- Born: Sonia Amirian 1942 (age 83–84) Arak, Pahlavi Iran
- Other names: Sonia Amirian Balassanian, Sonia Balasanian-Amirian, Sonia Palasanean, Sonia Amirean
- Education: Pennsylvania Academy of the Fine Arts, Pratt Institute
- Occupations: Artist, curator
- Known for: Painting
- Spouse: Edward Balassanian

= Sonia Balassanian =

Iranian-born American painter of Armenian descent (b. 1942)

Sonia Balassanian (Սոնյա Պալասանյան; سونیا بالاسانیان; born 1942) née Sonia Amirian, is an Iranian-born painter, sculptor, and curator, of Armenian ethnicity. She co-founded the Armenian Center for Contemporary Experimental Art. Balassanian lives in New York City and Yerevan.

== Biography ==
Sonia Balassanian was born in 1942 in Arak, Pahlavi Iran. In 1966, she emigrated to the United States. Balassanian attended the Pennsylvania Academy of the Fine Arts, where she received a BA degree (1970); and Pratt Institute, where she received a MFA degree (1978).

In her early career she worked in installation art with sculptural elements, and later she worked in video art. She also worked on theater set design in New York City. In 1983, she was in the group exhibition, "Seven Women–Image Impact" at MoMA PS1, other artists included in the exhibition were Ana Mendieta, Anne Pitrone, Judy Rifka, Dena Shottenkirk, Susan Rothenberg, and Mimi Smith.

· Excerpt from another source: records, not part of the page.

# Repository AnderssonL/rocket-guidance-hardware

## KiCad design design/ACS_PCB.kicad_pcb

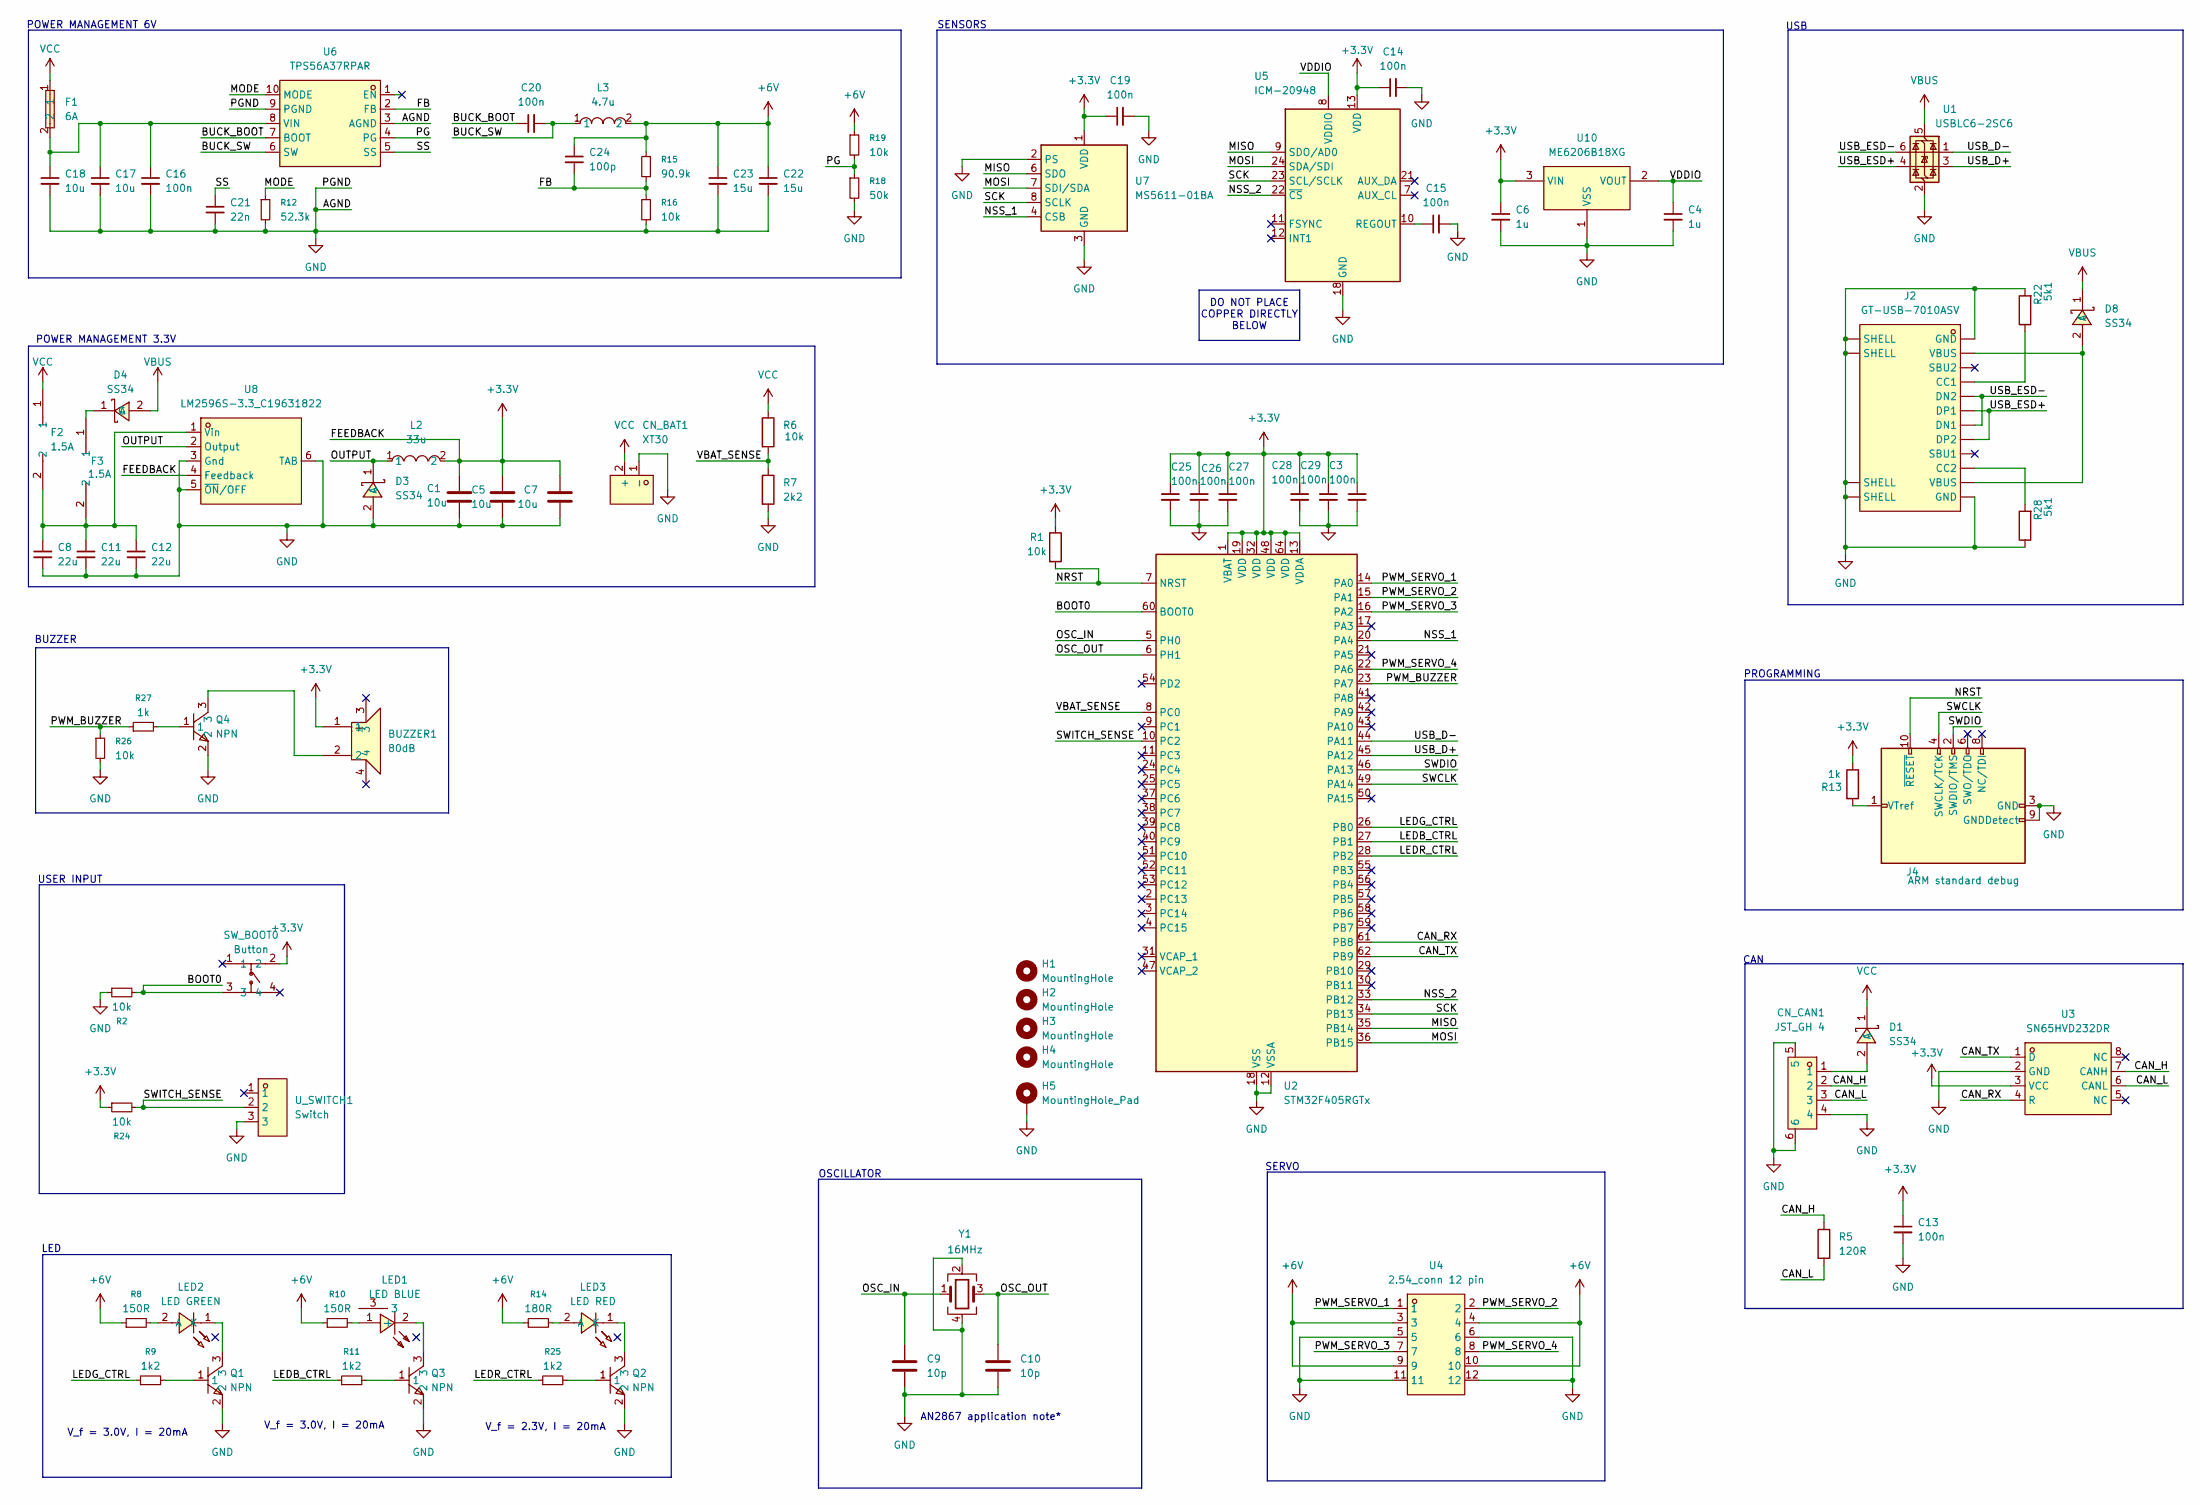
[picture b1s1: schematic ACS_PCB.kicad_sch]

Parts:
BUZZER1: 80dB; BUZ-SMD_4P-L7.5-W7.5-BR; LCSC Part C49246950
C1, C5, C7: 10u; C_0201_0603Metric; LCSC Part C19702
C3, C13, C14, C15, C16, C19, C20, C25, C26, C27, C28, C29: 100n; C_0603_1608Metric; LCSC Part C14663
C4, C6: 1u; C_0603_1608Metric; LCSC Part C15849
C8, C11, C12: 22u; C_0603_1608Metric; LCSC Part C2762594
C9, C10: 10p; C_0603_1608Metric; LCSC Part C1634
C17, C18: 10u; C_0603_1608Metric; LCSC Part C19702
C21: 22n; C_0603_1608Metric; LCSC Part C21122
C22, C23: 15u; C_0603_1608Metric; LCSC Part C445715
C24: 100p; C_0603_1608Metric; LCSC Part C14858
CN_BAT1: XT30; CONN-TH_XT30UPB-M; LCSC Part C428721
CN_CAN1: JST_GH 4; CONN-SMD_4P-P1.25_JXTCONN_DMX-4PWB-43; LCSC Part C42422450
D1, D3, D4, D8: SS34; SMC_L6.9-W5.9-LS7.9-RD; LCSC Part C154551
F1: 6A; F1812; LCSC Part C7542974
F2, F3: 1.5A; F1812; LCSC Part C70117
H1, H2, H3, H4: MountingHole; SMD_BD4.0-D2.5_TH162030CTJ; LCSC Part C3020127
H5: MountingHole_Pad; MountingHole_2.2mm_M2_DIN965_Pad
J2: GT-USB-7010ASV; USB-C-SMD_G-SWITCH_GT-USB-7010ASV; LCSC Part C2988369
J4: ARM standard debug; HDR-SMD_10P-P1.27-V-R2-C5-S5.8; LCSC Part C5155080
L2: 33u; IND-SMD_L6.8-W6.8_SMMS0630; LCSC Part C149577
L3: 4.7u; L0603; LCSC Part C114862
LED1: LED BLUE; LED-SMD_L3.2-W1.0-R-RD; LCSC Part C375481
LED2: LED GREEN; LED1206-RD_GREEN-SIDE; LCSC Part C375564
LED3: LED RED; LED1206-RD_RED_XL-3216SURC-FB; LCSC Part C3646938
Q1, Q2, Q3, Q4: NPN; SOT-23-3_L2.9-W1.3-P1.90-LS2.4-BR; LCSC Part C57668
R1, R2, R6, R16, R19, R24, R26: 10k; R_0603_1608Metric; LCSC Part C98220
R5: 120R; R_0603_1608Metric; LCSC Part C22787
R7: 2k2; R_0603_1608Metric; LCSC Part C114662
R8, R10: 150R; R_0603_1608Metric; LCSC Part C2907103
R9, R11, R25: 1k2; R_0603_1608Metric; LCSC Part C2906976
R12: 52.3k; R_0603_1608Metric; LCSC Part C2998074
R13, R27: 1k; R_0603_1608Metric; LCSC Part C22548
R14: 180R; R_0603_1608Metric; LCSC Part C2907000
R15: 90.9k; R_0603_1608Metric; LCSC Part C2930136
R18: 50k; R_0603_1608Metric; LCSC Part C861451
R22, R28: 5k1; R_0603_1608Metric; LCSC Part C2907044
SW_BOOT0: Button; SW-SMD_4P-L5.2-W5.2-P3.70-LS6.4; LCSC Part C49234134
U1: USBLC6-2SC6; SOT-23-6_L2.9-W1.6-P0.95-LS2.8-BL; LCSC Part C7519
U2: STM32F405RGTx; LQFP-64_10x10mm_P0.5mm; LCSC Part C15742
U3: SN65HVD232DR; SOIC-8_L5.0-W4.0-P1.27-LS6.0-BL; LCSC Part C30530
U4: 2.54_conn 12 pin; HDR-TH_12P-P2.54-V-M-R2-C6-S2.54; LCSC Part C7501277
U5: ICM-20948; InvenSense_QFN-24_3x3mm_P0.4mm
U6: TPS56A37RPAR; VQFN-HR-10_L3.0-W3.0_TI_RPA; LCSC Part C22392669
U7: MS5611-01BA; SENSORS-SMD_MS5611-01BA03; LCSC Part C15639
U8: LM2596S-3.3_C19631822; TO-263-5_L10.2-W9.0-P1.70-TL-LS15.2; LCSC Part C19631822
U10: ME6206B18XG; SOT-23-3_L2.9-W1.3-P1.90-LS2.4-BR; LCSC Part C2683407
U_SWITCH1: Switch; SW-TH_MT-0-102-E001-T000-RS-PJ; LCSC Part C1788499
Y1: 16MHz; CRYSTAL-SMD_4P-L3.2-W2.5-BL; LCSC Part C112972

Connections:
+3.3V: BUZZER1.1, C1.1, C3.1, C5.1, C6.1, C7.1, C13.1, C14.1, C19.1, C25.1, C26.1, C27.1, C28.1, C29.1, L2.2, R1.1, R13.1, R24.1, SW_BOOT0.2, U2.1 (VBAT), U2.13 (VDDA), U2.19 (VDD), U2.32 (VDD), U2.48 (VDD), U2.64 (VDD), U3.3 (VCC), U5.13 (VDD), U7.1 (VDD), U8.4 (Feedback), U10.3 (VIN)
+6V: C22.1, C23.1, C24.1, L3.2, R8.1, R10.1, R14.1, R15.2, R19.1, U4.3, U4.4, U4.9, U4.10
/BOOT0: R2.2, SW_BOOT0.3, U2.60 (BOOT0)
/BUCK_BOOT: C20.1, U6.7 (BOOT)
/BUCK_SW: C20.2, L3.1, U6.6 (SW)
/CAN_H: CN_CAN1.2, R5.1, U3.7 (CANH)
/CAN_L: CN_CAN1.3, R5.2, U3.6 (CANL)
/CAN_RX: U2.61 (PB8), U3.4 (R)
/CAN_TX: U2.62 (PB9), U3.1 (D)
/FB: C24.2, R15.1, R16.2, U6.2 (FB)
/LEDB_CTRL: R11.1, U2.27 (PB1)
/LEDG_CTRL: R9.1, U2.26 (PB0)
/LEDR_CTRL: R25.1, U2.28 (PB2)
/MISO: U2.35 (PB14), U5.9 (SDO/AD0), U7.6 (SDO)
/MODE: R12.1, U6.10 (MODE)
/MOSI: U2.36 (PB15), U5.24 (SDA/SDI), U7.7 (SDI/SDA)
/NRST: J4.10 (~RESET), R1.2, U2.7 (NRST)
/NSS_1: U2.20 (PA4), U7.4 (CSB), U7.5 (CSB)
/NSS_2: U2.33 (PB12), U5.22 (~CS)
/OSC_IN: C9.1, U2.5 (PH0), Y1.1
/OSC_OUT: C10.1, U2.6 (PH1), Y1.3
/OUTPUT: D3.1 (C), L2.1, U8.2 (Output)
/PG: R18.1, R19.2, U6.4 (PG)
/PWM_BUZZER: R26.1, R27.1, U2.23 (PA7)
/PWM_SERVO_1: U2.14 (PA0), U4.1
/PWM_SERVO_2: U2.15 (PA1), U4.2
/PWM_SERVO_3: U2.16 (PA2), U4.7
/PWM_SERVO_4: U2.22 (PA6), U4.8
/SCK: U2.34 (PB13), U5.23 (SCL/SCLK), U7.8 (SCLK)
/SS: C21.1, U6.5 (SS)
/SWCLK: J4.4 (SWCLK/TCK), U2.49 (PA14)
/SWDIO: J4.2 (SWDIO/TMS), U2.46 (PA13)
/SWITCH_SENSE: R24.2, U2.10 (PC2), U_SWITCH1.2
/USB_D+: U1.3 (I/O2), U2.45 (PA12)
/USB_D-: U1.1 (I/O1), U2.44 (PA11)
/USB_ESD+: J2.A6 (DP1), J2.B6 (DP2), U1.4 (I/O2)
/USB_ESD-: J2.A7 (DN1), J2.B7 (DN2), U1.6 (I/O1)
/VBAT_SENSE: R6.2, R7.1, U2.8 (PC0)
/VDDIO: C4.1, U5.8 (VDDIO), U10.2 (VOUT)
GND: C1.2, C3.2, C4.2, C5.2, C6.2, C7.2, C8.2, C9.2, C10.2, C11.2, C12.2, C13.2, C14.2, C15.2, C16.2, C17.2, C18.2, C19.2, C21.2, C22.2, C23.2, C25.2, C26.2, C27.2, C28.2, C29.2, CN_BAT1.1 (-), CN_CAN1.4, CN_CAN1.5, CN_CAN1.6, D3.2 (A), H5.1, J2.1 (SHELL), J2.2 (SHELL), J2.3 (SHELL), J2.4 (SHELL), J2.A1B12 (GND), J2.B1A12 (GND), J4.3 (GND), J4.5 (GND), J4.9 (GNDDetect), Q1.2, Q2.2, Q3.2, Q4.2, R2.1, R7.2, R12.2, R16.1, R18.2, R22.2, R26.2, R28.1, U1.2 (GND), U2.12 (VSSA), U2.18 (VSS), U2.63 (VSS), U3.2 (GND), U4.5, U4.6, U4.11, U4.12, U5.18 (GND), U5.20 (GND), U6.3 (AGND), U6.9 (PGND), U7.2 (PS), U7.3 (GND), U8.3 (Gnd), U8.5 (~ON/OFF), U8.6 (TAB), U10.1 (VSS), U_SWITCH1.3, Y1.2, Y1.4
unnamed: BUZZER1.2, Q4.3
unnamed: CN_CAN1.1, D1.2 (A)
unnamed: D4.1 (C), F3.1
unnamed: D8.2 (A), J2.A4B9 (VBUS), J2.B4A9 (VBUS)
unnamed: J2.A5 (CC1), R22.1
unnamed: J2.B5 (CC2), R28.2
unnamed: J4.1 (VTref), R13.2
unnamed: LED1.1 (+), R10.2
unnamed: LED1.2 (-), Q3.3
unnamed: LED2.2 (A), R8.2
unnamed: LED2.1 (K), Q1.3
unnamed: LED3.2 (A), R14.2
unnamed: LED3.1 (K), Q2.3
unnamed: Q1.1, R9.2
unnamed: Q2.1, R25.2
unnamed: Q3.1, R11.2
unnamed: Q4.1, R27.2
unnamed: C15.1, U5.10 (REGOUT)
unnamed: C16.1, C17.1, C18.1, F1.2, U6.8 (VIN)
unnamed: C8.1, C11.1, C12.1, F2.2, F3.2, U8.1 (Vin)
VBUS: D4.2 (A), D8.1 (C), U1.5 (VBUS)
VCC: CN_BAT1.2 (+), D1.1 (C), F1.1, F2.1, R6.1

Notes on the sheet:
V_f = 3.0V, I = 20mA
BUZZER
SENSORS
USER INPUT
V_f = 2.3V, I = 20mA
LED
POWER MANAGEMENT 6V
POWER MANAGEMENT 3.3V
DO NOT PLACE COPPER DIRECTLY BELOW
OSCILLATOR
SERVO
USB
AN2867 application note*
CAN
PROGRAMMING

In 1992, she and her husband Edward Balassanian co-founded the Armenian Center for Contemporary Experimental Art (Նորարար Փորձառական Արվեստի Կենտրոն). The center got its start with two seminal exhibitions, "The Show of the Nine" or "9" (1992), and "Identification" (1993).

Her work is found in the museum collection at the Tehran Museum of Contemporary Art. She has artist files at the Smithsonian American Art and Portrait Gallery Library.